Still, the paper has a list of interesting fortress positions that I might use if/when I go back to tinkering with fortress detection.
Ferdy
Posts: 4846
Joined: Sun Aug 10, 2008 3:15 pm
Location: Philippines

Re: Tony's positional test suite

Post by Ferdy »

MEA - Multiple move EPD Analyzer beta interface can be found here.

https://mea.bitballoon.com/
Dann Corbit
Posts: 12777
Joined: Wed Mar 08, 2006 8:57 pm
Location: Redmond, WA USA

Re: Tony's positional test suite

Post by Dann Corbit »

Ferdy wrote:MEA - Multiple move EPD Analyzer beta interface can be found here.

https://mea.bitballoon.com/
Thanks
Taking ideas is not a vice, it is a virtue. We have another word for this. It is called learning.
But sharing ideas is an even greater virtue. We have another word for this. It is called teaching.
User avatar
Rebel
Posts: 7302
Joined: Thu Aug 18, 2011 12:04 pm
Full name: Ed Schröder

Re: Tony's positional test suite

Post by Rebel »

Ferdy wrote:MEA - Multiple move EPD Analyzer beta interface can be found here.

https://mea.bitballoon.com/
Will try.
first25plus5
Posts: 11
Joined: Sat Jul 22, 2017 2:50 am
Location: New Zealand

Re: Tony's positional test suite

Post by first25plus5 »

If anyone has the time to re-calibrate / re-test all sixteen positions with today's engines that would be appreciated.
OldMan
Posts: 1
Joined: Thu Oct 10, 2024 6:43 pm
Full name: William Bryant

Re: Tony's positional test suite

Post by OldMan »

Beginner Question:
I assume you add the score of the position found for each position to get an engine rating.
At what time control.
I understand you searched for 24 hours to get the results, but for the test, any specific time controls.

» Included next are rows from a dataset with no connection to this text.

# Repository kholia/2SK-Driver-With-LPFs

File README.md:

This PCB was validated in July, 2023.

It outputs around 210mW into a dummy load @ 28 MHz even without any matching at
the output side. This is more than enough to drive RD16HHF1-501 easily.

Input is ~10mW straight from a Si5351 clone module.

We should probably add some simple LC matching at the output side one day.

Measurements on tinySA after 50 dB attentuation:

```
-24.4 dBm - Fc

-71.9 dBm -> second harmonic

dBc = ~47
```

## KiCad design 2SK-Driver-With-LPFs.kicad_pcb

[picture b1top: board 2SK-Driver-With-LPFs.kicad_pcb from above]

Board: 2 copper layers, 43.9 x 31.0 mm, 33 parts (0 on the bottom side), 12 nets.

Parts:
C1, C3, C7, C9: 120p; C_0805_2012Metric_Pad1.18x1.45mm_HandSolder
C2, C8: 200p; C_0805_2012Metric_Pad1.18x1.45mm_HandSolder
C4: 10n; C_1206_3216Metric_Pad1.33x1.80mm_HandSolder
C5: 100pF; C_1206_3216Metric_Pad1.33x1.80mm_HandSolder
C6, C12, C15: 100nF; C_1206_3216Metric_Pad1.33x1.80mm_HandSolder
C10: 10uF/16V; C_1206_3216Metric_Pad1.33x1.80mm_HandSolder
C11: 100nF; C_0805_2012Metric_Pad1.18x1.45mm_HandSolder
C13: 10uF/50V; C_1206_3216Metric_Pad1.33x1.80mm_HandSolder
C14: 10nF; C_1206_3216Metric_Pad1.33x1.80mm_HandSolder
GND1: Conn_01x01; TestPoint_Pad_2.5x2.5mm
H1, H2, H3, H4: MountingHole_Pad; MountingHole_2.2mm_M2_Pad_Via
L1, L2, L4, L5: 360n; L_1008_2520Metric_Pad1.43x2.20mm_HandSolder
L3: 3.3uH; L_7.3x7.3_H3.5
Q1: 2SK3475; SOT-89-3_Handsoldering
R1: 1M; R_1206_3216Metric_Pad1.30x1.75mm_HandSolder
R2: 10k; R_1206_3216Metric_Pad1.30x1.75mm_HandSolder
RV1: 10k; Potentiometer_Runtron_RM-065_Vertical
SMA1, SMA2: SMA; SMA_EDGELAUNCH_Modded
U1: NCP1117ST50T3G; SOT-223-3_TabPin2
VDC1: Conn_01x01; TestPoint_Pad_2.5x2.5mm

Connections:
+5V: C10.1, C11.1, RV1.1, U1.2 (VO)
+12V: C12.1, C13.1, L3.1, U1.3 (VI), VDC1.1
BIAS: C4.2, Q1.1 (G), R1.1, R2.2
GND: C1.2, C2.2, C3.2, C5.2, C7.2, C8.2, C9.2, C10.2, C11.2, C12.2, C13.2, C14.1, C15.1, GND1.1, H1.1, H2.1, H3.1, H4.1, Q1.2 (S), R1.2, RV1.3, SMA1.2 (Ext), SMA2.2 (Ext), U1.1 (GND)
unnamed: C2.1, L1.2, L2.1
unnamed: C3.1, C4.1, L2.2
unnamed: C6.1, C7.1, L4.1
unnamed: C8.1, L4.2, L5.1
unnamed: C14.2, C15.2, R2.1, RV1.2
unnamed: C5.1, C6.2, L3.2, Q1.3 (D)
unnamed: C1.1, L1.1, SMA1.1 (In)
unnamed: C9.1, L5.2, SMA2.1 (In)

I am returning to chess programming after a long absence.
My old program currently runs on a G4 Mac Laptop form 2004 while I work on re writing it.
I have forgotten a lot and am essentially starting over.

Wm.
Dann Corbit
Posts: 12777
Joined: Wed Mar 08, 2006 8:57 pm
Location: Redmond, WA USA

Re: Tony's positional test suite

Post by Dann Corbit »

The multi-answer type problems give a different score based upon the assumed correctness of the given move.
As programs get stronger and stronger, and hardware gets more and more powerful, the old answers (which would have been more or less correct at the time because of hardware and software limitations) improve and something that used to be a purely strategic concept like undermining, king safety, rooks on the 8th, because no material win was seen on the horizon become tactical because the engines can see deeply enough to find a tactical shot. It is also possible that other positional factors can become more important when combined with teh search.

A test set like Tony's positional suite has a number of different possible answers, each scoring differently depending upon what your engine chooses.

To update such a test suite, one might take several strong programs and run them on high end hardware for four hours per position with multi-pv set to 10 so that the engine is forced to think about many alternatives. Suppose that the best move as found by the engines has a score of 429. We divide this best score by 429 and multiply by ten giving a score of ten.
Suppose that for the next best solution we have a score of 313. We divide 313 by 429 and multiply by 10 giving a score of seven, and so on through all moves until the calculated score is less than one. Then on to the next problem.
Taking ideas is not a vice, it is a virtue. We have another word for this. It is called learning.
But sharing ideas is an even greater virtue. We have another word for this. It is called teaching.